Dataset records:
____________

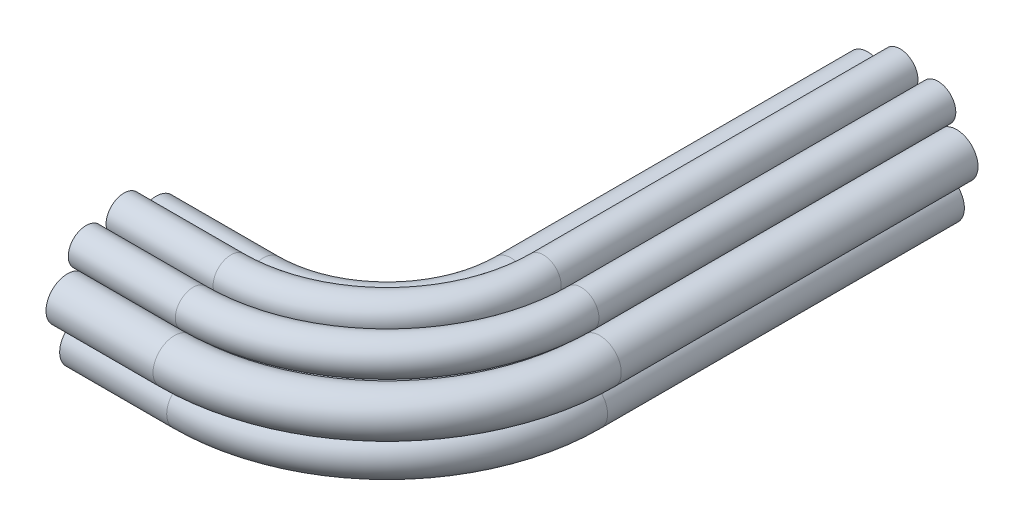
ISO-10303-21;
HEADER;
FILE_DESCRIPTION(('STEP AP214'),'2;1');
FILE_NAME('part.step','',(''),(''),'','','');
FILE_SCHEMA(('AUTOMOTIVE_DESIGN { 1 0 10303 214 1 1 1 1 }'));
ENDSEC;
DATA;
#1=APPLICATION_CONTEXT('core data for automotive mechanical design processes');
#2=APPLICATION_PROTOCOL_DEFINITION('international standard','automotive_design',2000,#1);
#3=PRODUCT_CONTEXT('',#1,'mechanical');
#4=PRODUCT('Part','Part','',(#3));
#5=PRODUCT_RELATED_PRODUCT_CATEGORY('part','',(#4));
#6=PRODUCT_DEFINITION_FORMATION('','',#4);
#7=PRODUCT_DEFINITION_CONTEXT('part definition',#1,'design');
#8=PRODUCT_DEFINITION('design','',#6,#7);
#9=PRODUCT_DEFINITION_SHAPE('','',#8);
#10=(LENGTH_UNIT() NAMED_UNIT(*) SI_UNIT(.MILLI.,.METRE.));
#11=(NAMED_UNIT(*) PLANE_ANGLE_UNIT() SI_UNIT($,.RADIAN.));
#12=(NAMED_UNIT(*) SI_UNIT($,.STERADIAN.) SOLID_ANGLE_UNIT());
#13=UNCERTAINTY_MEASURE_WITH_UNIT(LENGTH_MEASURE(1.E-05),#10,'distance_accuracy_value','');
#14=(GEOMETRIC_REPRESENTATION_CONTEXT(3) GLOBAL_UNCERTAINTY_ASSIGNED_CONTEXT((#13)) GLOBAL_UNIT_ASSIGNED_CONTEXT((#10,
#11,#12)) REPRESENTATION_CONTEXT('',''));
#15=CARTESIAN_POINT('',(0.,0.,0.));
#16=DIRECTION('',(0.,0.,1.));
#17=DIRECTION('',(1.,0.,0.));
#18=AXIS2_PLACEMENT_3D('',#15,#16,#17);
#19=CARTESIAN_POINT('',(-35.,2.56981819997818,159.613254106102));
#20=DIRECTION('',(-1.,0.,0.));
#21=DIRECTION('',(0.,0.,1.));
#22=AXIS2_PLACEMENT_3D('',#19,#20,#21);
#23=CYLINDRICAL_SURFACE('',#22,6.);
#24=CARTESIAN_POINT('',(-35.,2.56981819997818,159.613254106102));
#25=DIRECTION('',(1.,0.,0.));
#26=DIRECTION('',(0.,0.,-1.));
#27=AXIS2_PLACEMENT_3D('',#24,#25,#26);
#28=CIRCLE('',#27,6.);
#29=CARTESIAN_POINT('',(-35.,2.56981819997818,165.613254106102));
#30=VERTEX_POINT('',#29);
#31=EDGE_CURVE('P0_E20',#30,#30,#28,.T.);
#32=ORIENTED_EDGE('',*,*,#31,.F.);
#33=EDGE_LOOP('',(#32));
#34=FACE_BOUND('',#33,.T.);
#35=CARTESIAN_POINT('',(-65.,2.56981819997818,159.613254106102));
#36=DIRECTION('',(1.,0.,0.));
#37=DIRECTION('',(0.,0.,-1.));
#38=AXIS2_PLACEMENT_3D('',#35,#36,#37);
#39=CIRCLE('',#38,6.);
#40=CARTESIAN_POINT('',(-65.,2.56981819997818,153.613254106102));
#41=VERTEX_POINT('',#40);
#42=EDGE_CURVE('P0_E10',#41,#41,#39,.T.);
#43=ORIENTED_EDGE('',*,*,#42,.T.);
#44=EDGE_LOOP('',(#43));
#45=FACE_BOUND('',#44,.T.);
#46=ADVANCED_FACE('P0_F14',(#34,#45),#23,.T.);
#47=CARTESIAN_POINT('',(-35.,2.56981819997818,100.));
#48=DIRECTION('',(0.,-1.,0.));
#49=DIRECTION('',(0.,0.,-1.));
#50=AXIS2_PLACEMENT_3D('',#47,#48,#49);
#51=TOROIDAL_SURFACE('',#50,59.6132541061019,6.);
#52=CARTESIAN_POINT('',(24.6132541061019,2.56981819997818,100.));
#53=DIRECTION('',(0.,0.,-1.));
#54=DIRECTION('',(-1.,0.,0.));
#55=AXIS2_PLACEMENT_3D('',#52,#53,#54);
#56=CIRCLE('',#55,6.);
#57=CARTESIAN_POINT('',(30.6132541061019,2.56981819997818,100.));
#58=VERTEX_POINT('',#57);
#59=EDGE_CURVE('P0_E24',#58,#58,#56,.T.);
#60=CARTESIAN_POINT('',(-35.,2.56981819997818,100.));
#61=DIRECTION('',(0.,-1.,0.));
#62=DIRECTION('',(0.,0.,-1.));
#63=AXIS2_PLACEMENT_3D('',#60,#61,#62);
#64=CIRCLE('',#63,65.6132541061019);
#65=EDGE_CURVE('',#58,#30,#64,.T.);
#66=ORIENTED_EDGE('',*,*,#59,.F.);
#67=ORIENTED_EDGE('',*,*,#31,.T.);
#68=ORIENTED_EDGE('',*,*,#65,.T.);
#69=ORIENTED_EDGE('',*,*,#65,.F.);
#70=EDGE_LOOP('',(#66,#68,#67,#69));
#71=FACE_BOUND('',#70,.T.);
#72=ADVANCED_FACE('P0_F39',(#71),#51,.T.);
#73=CARTESIAN_POINT('',(24.6132541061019,2.56981819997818,100.));
#74=DIRECTION('',(0.,0.,-1.));
#75=DIRECTION('',(-1.,0.,0.));
#76=AXIS2_PLACEMENT_3D('',#73,#74,#75);
#77=CYLINDRICAL_SURFACE('',#76,6.);
#78=ORIENTED_EDGE('',*,*,#59,.T.);
#79=EDGE_LOOP('',(#78));
#80=FACE_BOUND('',#79,.T.);
#81=CARTESIAN_POINT('',(24.6132541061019,2.56981819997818,0.));
#82=DIRECTION('',(0.,0.,-1.));
#83=DIRECTION('',(-1.,0.,0.));
#84=AXIS2_PLACEMENT_3D('',#81,#82,#83);
#85=CIRCLE('',#84,6.);
#86=CARTESIAN_POINT('',(18.6132541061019,2.56981819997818,0.));
#87=VERTEX_POINT('',#86);
#88=EDGE_CURVE('P0_E28',#87,#87,#85,.T.);
#89=ORIENTED_EDGE('',*,*,#88,.F.);
#90=EDGE_LOOP('',(#89));
#91=FACE_BOUND('',#90,.T.);
#92=ADVANCED_FACE('P0_F36',(#80,#91),#77,.T.);
#93=CARTESIAN_POINT('',(-65.,2.56981819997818,159.613254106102));
#94=DIRECTION('',(1.,0.,0.));
#95=DIRECTION('',(0.,0.,-1.));
#96=AXIS2_PLACEMENT_3D('',#93,#94,#95);
#97=PLANE('',#96);
#98=ORIENTED_EDGE('',*,*,#42,.F.);
#99=EDGE_LOOP('',(#98));
#100=FACE_BOUND('',#99,.T.);
#101=ADVANCED_FACE('P0_F38',(#100),#97,.F.);
#102=CARTESIAN_POINT('',(24.6132541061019,2.56981819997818,0.));
#103=DIRECTION('',(0.,0.,-1.));
#104=DIRECTION('',(-1.,0.,0.));
#105=AXIS2_PLACEMENT_3D('',#102,#103,#104);
#106=PLANE('',#105);
#107=ORIENTED_EDGE('',*,*,#88,.T.);
#108=EDGE_LOOP('',(#107));
#109=FACE_BOUND('',#108,.T.);
#110=ADVANCED_FACE('P0_F34',(#109),#106,.T.);
#111=CLOSED_SHELL('',(#46,#72,#92,#101,#110));
#112=MANIFOLD_SOLID_BREP('P0_B1',#111);
#113=CARTESIAN_POINT('',(-35.,0.,127.508594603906));
#114=DIRECTION('',(-1.,0.,0.));
#115=DIRECTION('',(0.,0.,1.));
#116=AXIS2_PLACEMENT_3D('',#113,#114,#115);
#117=CYLINDRICAL_SURFACE('',#116,5.);
#118=CARTESIAN_POINT('',(-35.,0.,127.508594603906));
#119=DIRECTION('',(1.,0.,0.));
#120=DIRECTION('',(0.,0.,-1.));
#121=AXIS2_PLACEMENT_3D('',#118,#119,#120);
#122=CIRCLE('',#121,5.);
#123=CARTESIAN_POINT('',(-35.,0.,132.508594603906));
#124=VERTEX_POINT('',#123);
#125=EDGE_CURVE('P1_E20',#124,#124,#122,.T.);
#126=ORIENTED_EDGE('',*,*,#125,.F.);
#127=EDGE_LOOP('',(#126));
#128=FACE_BOUND('',#127,.T.);
#129=CARTESIAN_POINT('',(-65.,0.,127.508594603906));
#130=DIRECTION('',(1.,0.,0.));
#131=DIRECTION('',(0.,0.,-1.));
#132=AXIS2_PLACEMENT_3D('',#129,#130,#131);
#133=CIRCLE('',#132,5.);
#134=CARTESIAN_POINT('',(-65.,0.,122.508594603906));
#135=VERTEX_POINT('',#134);
#136=EDGE_CURVE('P1_E10',#135,#135,#133,.T.);
#137=ORIENTED_EDGE('',*,*,#136,.T.);
#138=EDGE_LOOP('',(#137));
#139=FACE_BOUND('',#138,.T.);
#140=ADVANCED_FACE('P1_F14',(#128,#139),#117,.T.);
#141=CARTESIAN_POINT('',(-35.,0.,100.));
#142=DIRECTION('',(0.,-1.,0.));
#143=DIRECTION('',(0.,0.,-1.));
#144=AXIS2_PLACEMENT_3D('',#141,#142,#143);
#145=TOROIDAL_SURFACE('',#144,27.5085946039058,5.);
#146=CARTESIAN_POINT('',(-7.49140539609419,0.,100.));
#147=DIRECTION('',(0.,0.,-1.));
#148=DIRECTION('',(-1.,0.,0.));
#149=AXIS2_PLACEMENT_3D('',#146,#147,#148);
#150=CIRCLE('',#149,5.);
#151=CARTESIAN_POINT('',(-2.49140539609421,0.,100.));
#152=VERTEX_POINT('',#151);
#153=EDGE_CURVE('P1_E24',#152,#152,#150,.T.);
#154=CARTESIAN_POINT('',(-35.,0.,100.));
#155=DIRECTION('',(0.,-1.,0.));
#156=DIRECTION('',(0.,0.,-1.));
#157=AXIS2_PLACEMENT_3D('',#154,#155,#156);
#158=CIRCLE('',#157,32.5085946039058);
#159=EDGE_CURVE('',#152,#124,#158,.T.);
#160=ORIENTED_EDGE('',*,*,#153,.F.);
#161=ORIENTED_EDGE('',*,*,#125,.T.);
#162=ORIENTED_EDGE('',*,*,#159,.T.);
#163=ORIENTED_EDGE('',*,*,#159,.F.);
#164=EDGE_LOOP('',(#160,#162,#161,#163));
#165=FACE_BOUND('',#164,.T.);
#166=ADVANCED_FACE('P1_F39',(#165),#145,.T.);
#167=CARTESIAN_POINT('',(-7.49140539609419,0.,100.));
#168=DIRECTION('',(0.,0.,-1.));
#169=DIRECTION('',(-1.,0.,0.));
#170=AXIS2_PLACEMENT_3D('',#167,#168,#169);
#171=CYLINDRICAL_SURFACE('',#170,5.);
#172=ORIENTED_EDGE('',*,*,#153,.T.);
#173=EDGE_LOOP('',(#172));
#174=FACE_BOUND('',#173,.T.);
#175=CARTESIAN_POINT('',(-7.49140539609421,0.,0.));
#176=DIRECTION('',(0.,0.,-1.));
#177=DIRECTION('',(-1.,0.,0.));
#178=AXIS2_PLACEMENT_3D('',#175,#176,#177);
#179=CIRCLE('',#178,5.);
#180=CARTESIAN_POINT('',(-12.4914053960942,0.,0.));
#181=VERTEX_POINT('',#180);
#182=EDGE_CURVE('P1_E28',#181,#181,#179,.T.);
#183=ORIENTED_EDGE('',*,*,#182,.F.);
#184=EDGE_LOOP('',(#183));
#185=FACE_BOUND('',#184,.T.);
#186=ADVANCED_FACE('P1_F36',(#174,#185),#171,.T.);
#187=CARTESIAN_POINT('',(-65.,0.,127.508594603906));
#188=DIRECTION('',(1.,0.,0.));
#189=DIRECTION('',(0.,0.,-1.));
#190=AXIS2_PLACEMENT_3D('',#187,#188,#189);
#191=PLANE('',#190);
#192=ORIENTED_EDGE('',*,*,#136,.F.);
#193=EDGE_LOOP('',(#192));
#194=FACE_BOUND('',#193,.T.);
#195=ADVANCED_FACE('P1_F38',(#194),#191,.F.);
#196=CARTESIAN_POINT('',(-7.49140539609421,0.,0.));
#197=DIRECTION('',(0.,0.,-1.));
#198=DIRECTION('',(-1.,0.,0.));
#199=AXIS2_PLACEMENT_3D('',#196,#197,#198);
#200=PLANE('',#199);
#201=ORIENTED_EDGE('',*,*,#182,.T.);
#202=EDGE_LOOP('',(#201));
#203=FACE_BOUND('',#202,.T.);
#204=ADVANCED_FACE('P1_F34',(#203),#200,.T.);
#205=CLOSED_SHELL('',(#140,#166,#186,#195,#204));
#206=MANIFOLD_SOLID_BREP('P1_B1',#205);
#207=CARTESIAN_POINT('',(-35.,8.97665881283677,134.733603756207));
#208=DIRECTION('',(-1.,0.,0.));
#209=DIRECTION('',(0.,0.,1.));
#210=AXIS2_PLACEMENT_3D('',#207,#208,#209);
#211=CYLINDRICAL_SURFACE('',#210,6.);
#212=CARTESIAN_POINT('',(-35.,8.97665881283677,134.733603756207));
#213=DIRECTION('',(1.,0.,0.));
#214=DIRECTION('',(0.,0.,-1.));
#215=AXIS2_PLACEMENT_3D('',#212,#213,#214);
#216=CIRCLE('',#215,6.);
#217=CARTESIAN_POINT('',(-35.,8.97665881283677,140.733603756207));
#218=VERTEX_POINT('',#217);
#219=EDGE_CURVE('P2_E20',#218,#218,#216,.T.);
#220=ORIENTED_EDGE('',*,*,#219,.F.);
#221=EDGE_LOOP('',(#220));
#222=FACE_BOUND('',#221,.T.);
#223=CARTESIAN_POINT('',(-65.,8.97665881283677,134.733603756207));
#224=DIRECTION('',(1.,0.,0.));
#225=DIRECTION('',(0.,0.,-1.));
#226=AXIS2_PLACEMENT_3D('',#223,#224,#225);
#227=CIRCLE('',#226,6.);
#228=CARTESIAN_POINT('',(-65.,8.97665881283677,128.733603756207));
#229=VERTEX_POINT('',#228);
#230=EDGE_CURVE('P2_E10',#229,#229,#227,.T.);
#231=ORIENTED_EDGE('',*,*,#230,.T.);
#232=EDGE_LOOP('',(#231));
#233=FACE_BOUND('',#232,.T.);
#234=ADVANCED_FACE('P2_F14',(#222,#233),#211,.T.);
#235=CARTESIAN_POINT('',(-35.,8.97665881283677,100.));
#236=DIRECTION('',(0.,-1.,0.));
#237=DIRECTION('',(0.,0.,-1.));
#238=AXIS2_PLACEMENT_3D('',#235,#236,#237);
#239=TOROIDAL_SURFACE('',#238,34.7336037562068,6.);
#240=CARTESIAN_POINT('',(-0.266396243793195,8.97665881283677,100.));
#241=DIRECTION('',(0.,0.,-1.));
#242=DIRECTION('',(-1.,0.,0.));
#243=AXIS2_PLACEMENT_3D('',#240,#241,#242);
#244=CIRCLE('',#243,6.);
#245=CARTESIAN_POINT('',(5.7336037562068,8.97665881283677,100.));
#246=VERTEX_POINT('',#245);
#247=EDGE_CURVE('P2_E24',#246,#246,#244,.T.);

____________

> Exercise: Please return exactly the lines from the one containing "#230=EDGE_CURVE('P2_E10',#229,#229,#227,.T.);" through the end of the entries above, adding no other line.

> Solution:
#230=EDGE_CURVE('P2_E10',#229,#229,#227,.T.);
#231=ORIENTED_EDGE('',*,*,#230,.T.);
#232=EDGE_LOOP('',(#231));
#233=FACE_BOUND('',#232,.T.);
#234=ADVANCED_FACE('P2_F14',(#222,#233),#211,.T.);
#235=CARTESIAN_POINT('',(-35.,8.97665881283677,100.));
#236=DIRECTION('',(0.,-1.,0.));
#237=DIRECTION('',(0.,0.,-1.));
#238=AXIS2_PLACEMENT_3D('',#235,#236,#237);
#239=TOROIDAL_SURFACE('',#238,34.7336037562068,6.);
#240=CARTESIAN_POINT('',(-0.266396243793195,8.97665881283677,100.));
#241=DIRECTION('',(0.,0.,-1.));
#242=DIRECTION('',(-1.,0.,0.));
#243=AXIS2_PLACEMENT_3D('',#240,#241,#242);
#244=CIRCLE('',#243,6.);
#245=CARTESIAN_POINT('',(5.7336037562068,8.97665881283677,100.));
#246=VERTEX_POINT('',#245);
#247=EDGE_CURVE('P2_E24',#246,#246,#244,.T.);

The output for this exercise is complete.